Table 1. The number of replicate stream reaches with alternative riparian buffer treatments (1Tree (one site-potential tree-height buffer), variable, streamside, thin-through) and untreated controls at eight study sites with upland forests thinned twice to moderate residual tree densities and one site thinned twice to high residual tree densities, in western Oregon, USA; parentheses indicate that these control reaches are represented above in the controls for the moderate-density analysis.

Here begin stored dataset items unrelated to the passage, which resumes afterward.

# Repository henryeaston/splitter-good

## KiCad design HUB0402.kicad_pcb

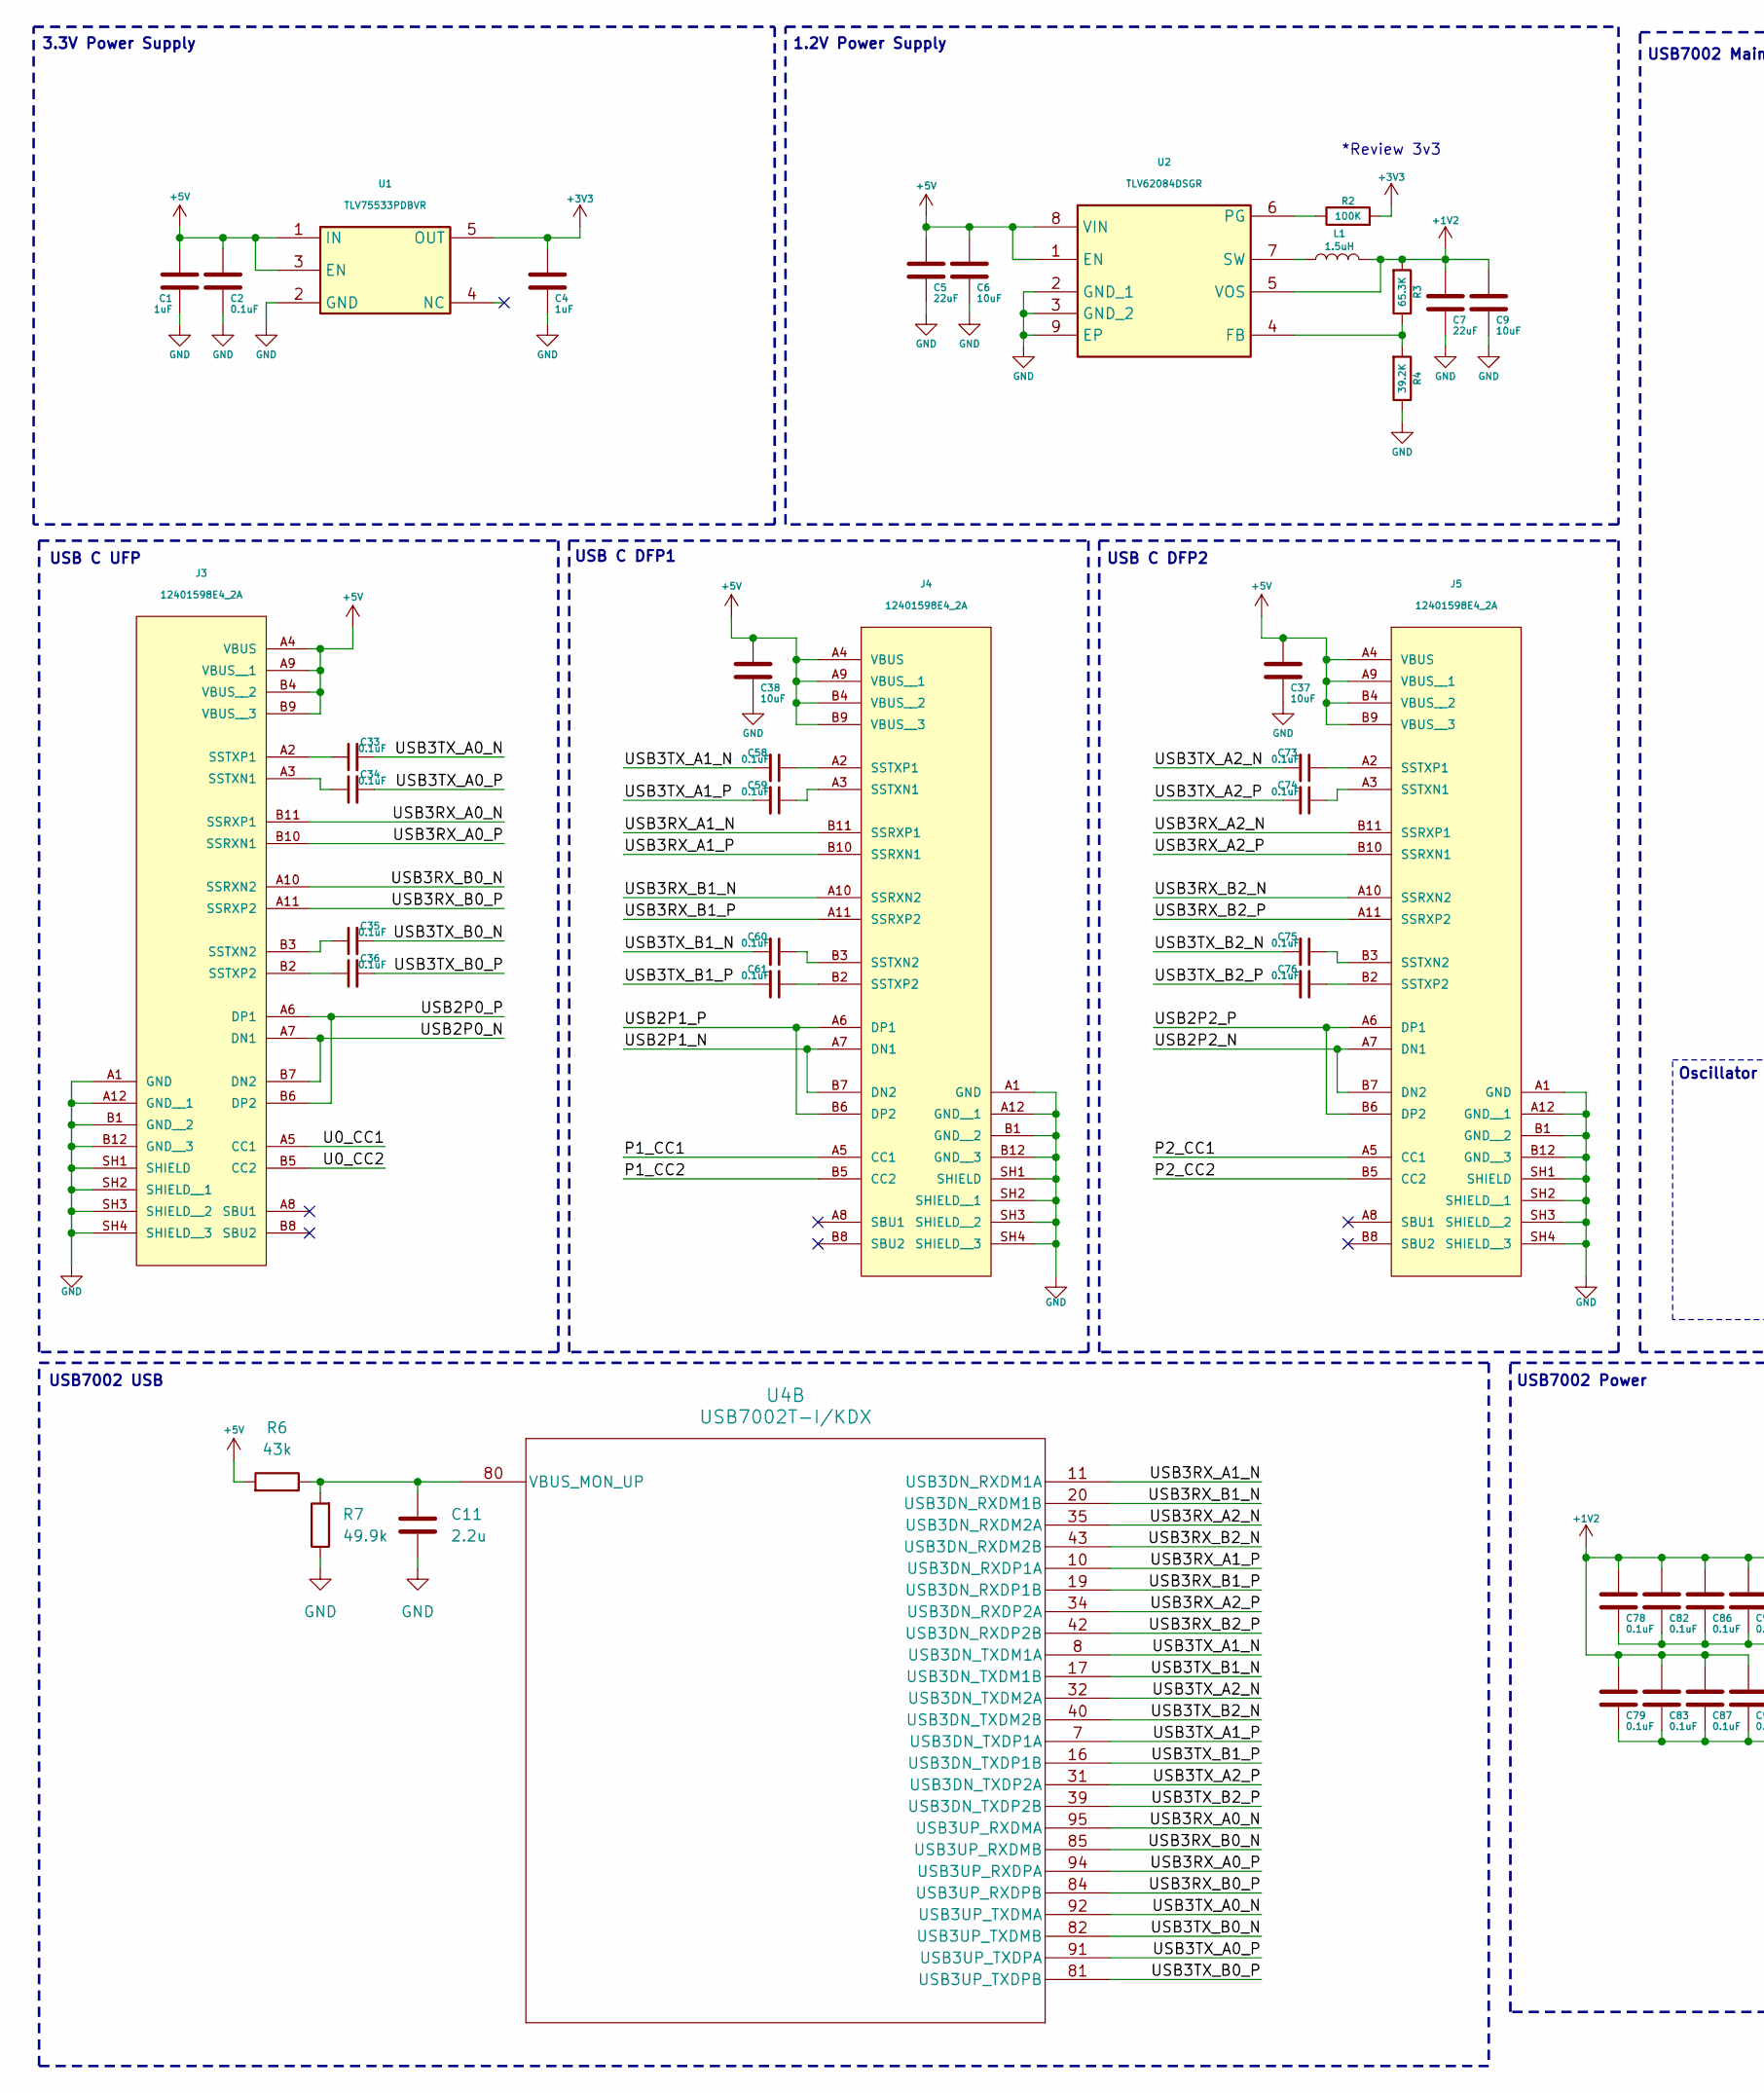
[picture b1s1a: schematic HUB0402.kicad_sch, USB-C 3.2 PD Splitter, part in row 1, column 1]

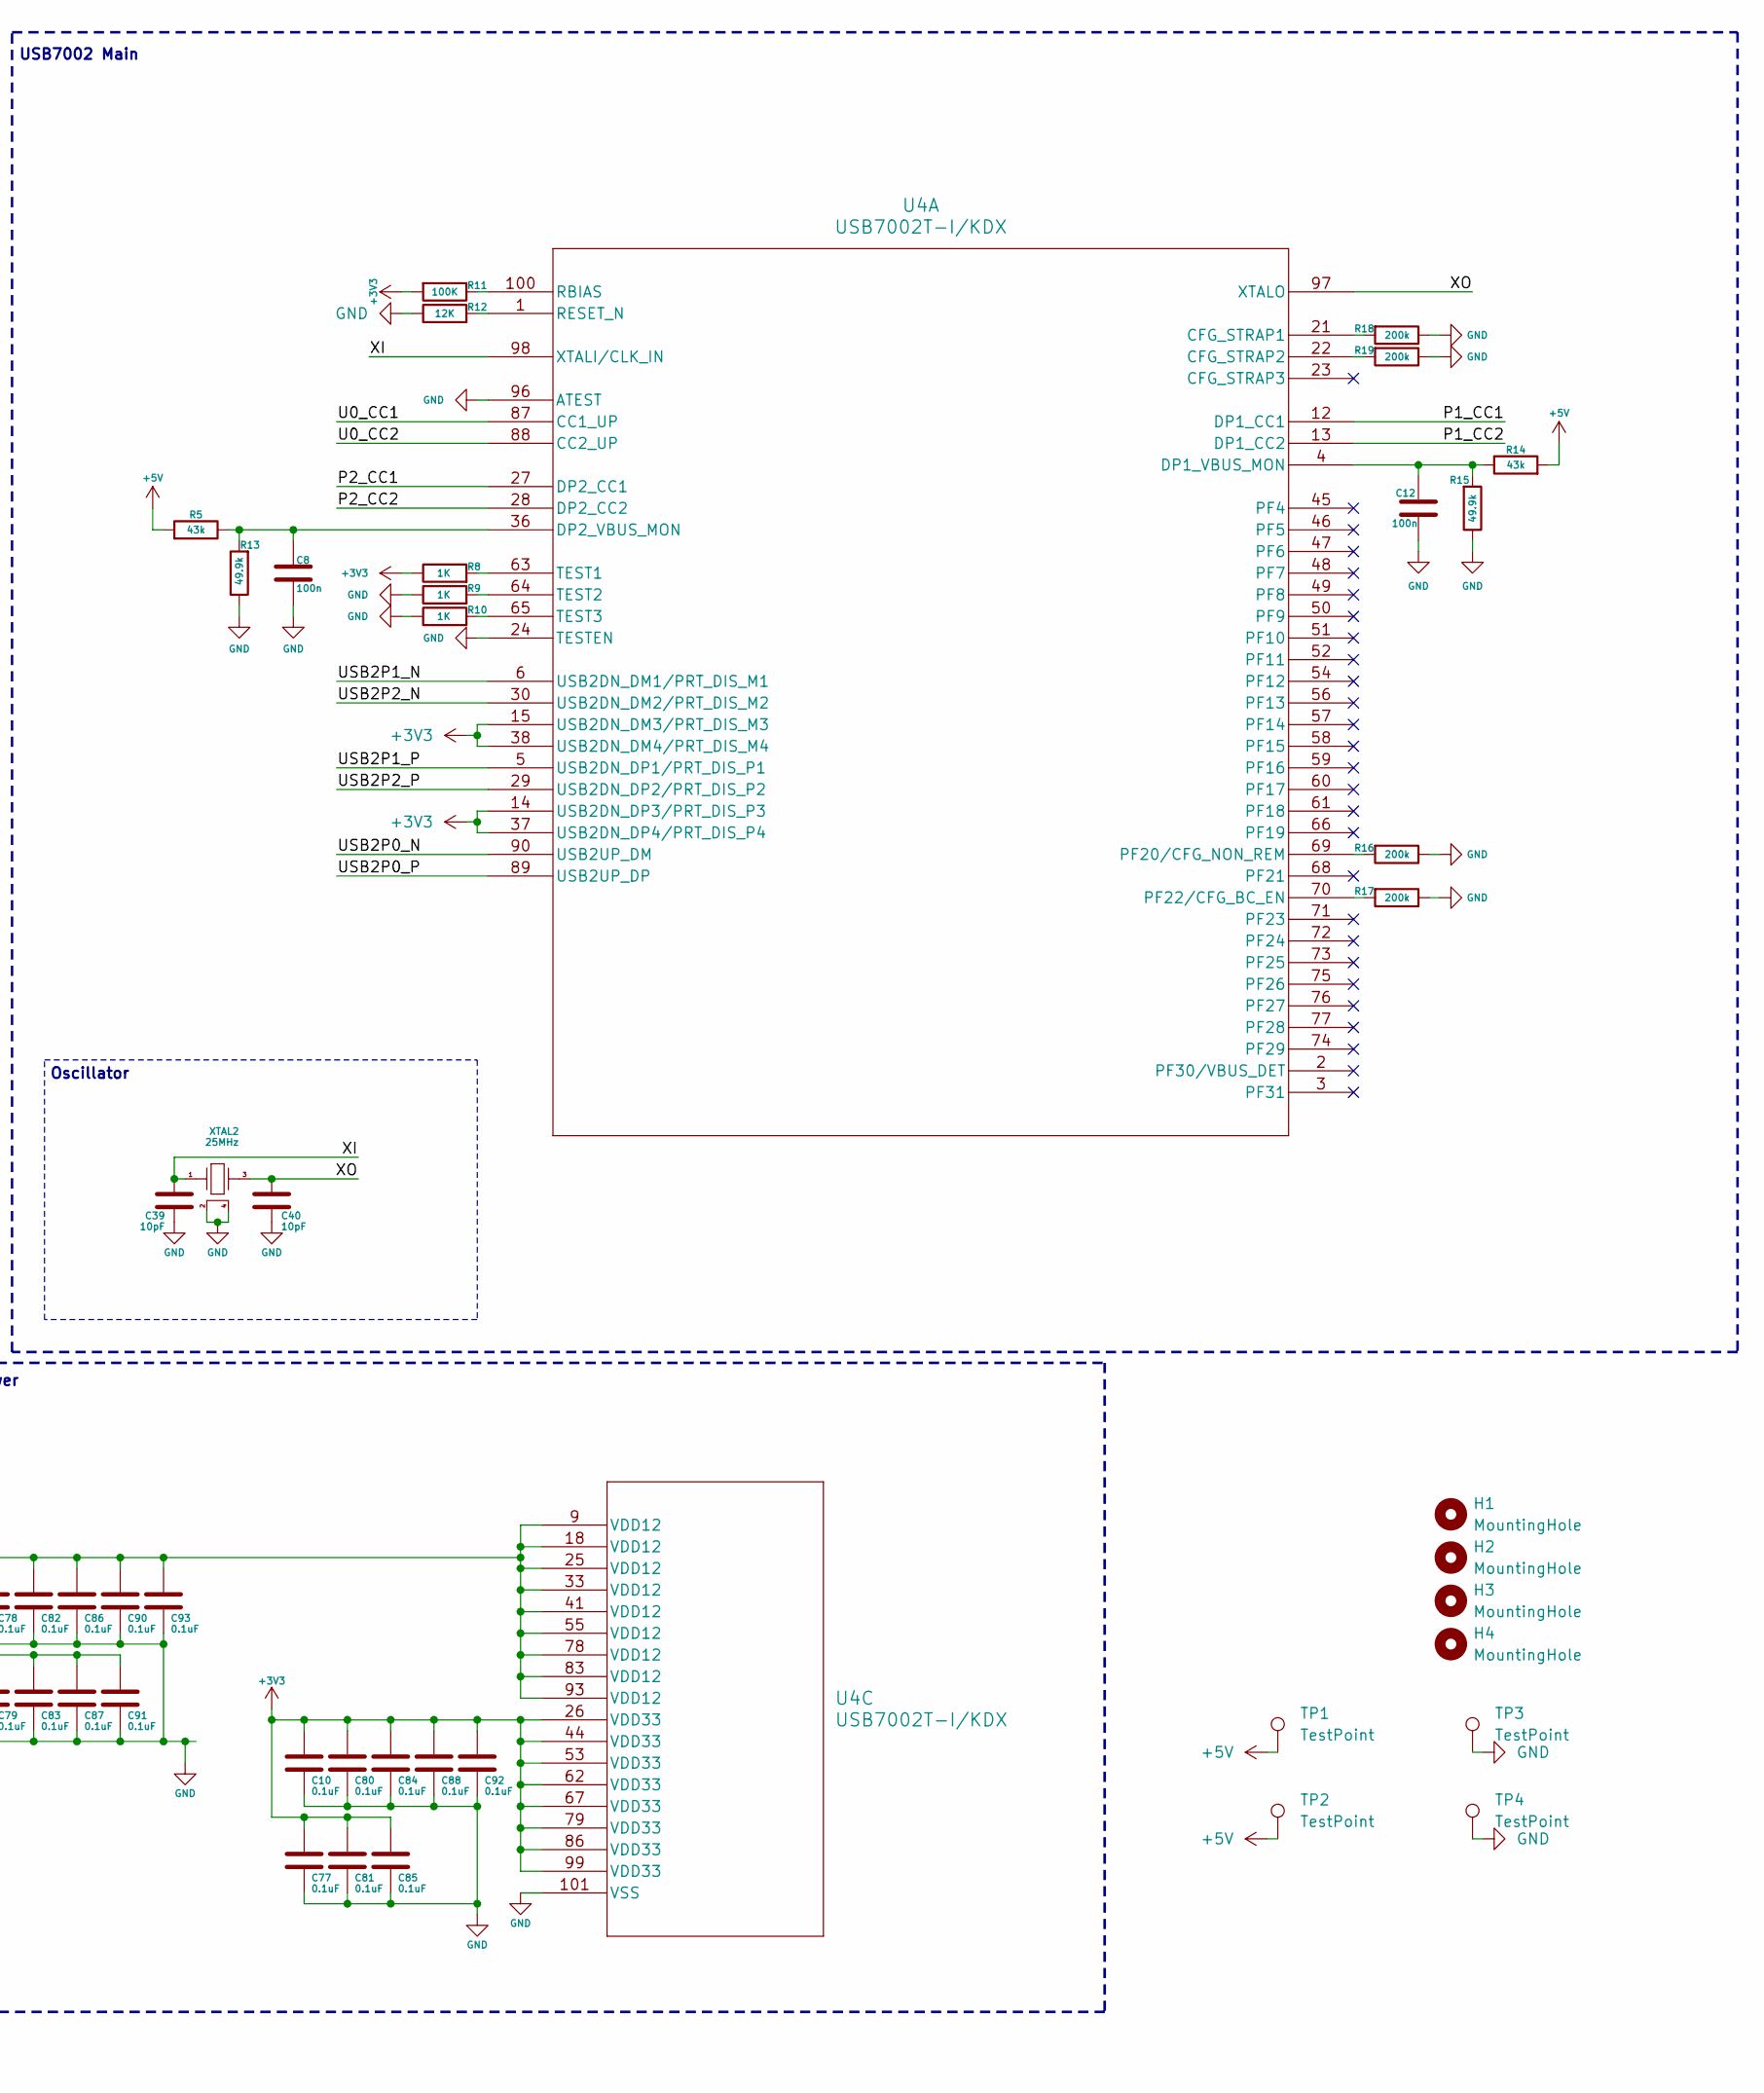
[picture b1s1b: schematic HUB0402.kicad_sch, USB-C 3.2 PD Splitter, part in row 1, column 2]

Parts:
C1, C4: 1uF; C_0402_1005Metric
C2, C10, C33, C34, C35, C36, C58, C59, C60, C61, C73, C74, C75, C76, C77, C78, C79, C80, C81, C82, C83, C84, C85, C86, C87, C88, C90, C91, C92, C93: 0.1uF; C_0402_1005Metric
C5, C7: 22uF; C_0603_1608Metric
C6, C9: 10uF; C_0603_1608Metric
C8, C12: 100n; C_0402_1005Metric
C11: 2.2u; C_0402_1005Metric
C37, C38: 10uF; C_0402_1005Metric
C39, C40: 10pF; C_0402_1005Metric
H1, H2, H3, H4: MountingHole; MountingHole_2.2mm_M2
J3, J4, J5: 12401598E4_2A; TYPE-C-SMD_918-418K2022Y40003; PARTREV 4
L1: 1.5uH; L_1210_3225Metric_Pad1.42x2.65mm_HandSolder
R2, R11: 100K; R_0402_1005Metric
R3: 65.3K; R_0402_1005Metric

SiteControl1TreeVariableStreamsideThin-Through
Moderate-density upland retention
Callahan Creek21222
Delph Creek20110
Green Peak21110
O.M. Hubbard Creek32200
Keel Mountain21113
Perkins Creek20220
N. Soup Creek21110
Ten High21320
Total17713105
High-density upland retention
Keel Mountain(2)0304
During the second thinning of MD overstory, density in upland areas was reduced to a new residual density of ~85 tph. An additional “thin-through” (TT) riparian buffer treatment (i.e., without a no-entry riparian buffer zone) was added to five stream reaches at two sites. These five reaches converted previous no-entry riparian buffer widths of two site-potential tree heights (“2Tree” riparian buffers; ~145 m on each side of streams: Callahan Creek and Keel Mountain study sites; Figure 1) to a thinned riparian buffer. Within the 2Tree buffer width; the overstory density was reduced from ~430–600 tph to ~150 tph during the second thinning treatment. We chose a 150-tph riparian thinning density based on lessons-learned from our initial upland density of 200 tph, where the restoration benefits of opening the canopy appeared to be subsiding within about a decade of the thinning due to canopy closure occurring. During the implementation of the thin-through buffer treatment, timber harvesting operators were asked to yard trees away-from or suspended-over streams; avoiding ground disturbance to the stream prism. For analyses, these TT riparian treatments were paired with the other riparian buffer treatments within the MD upland thinning treatment (Table 1).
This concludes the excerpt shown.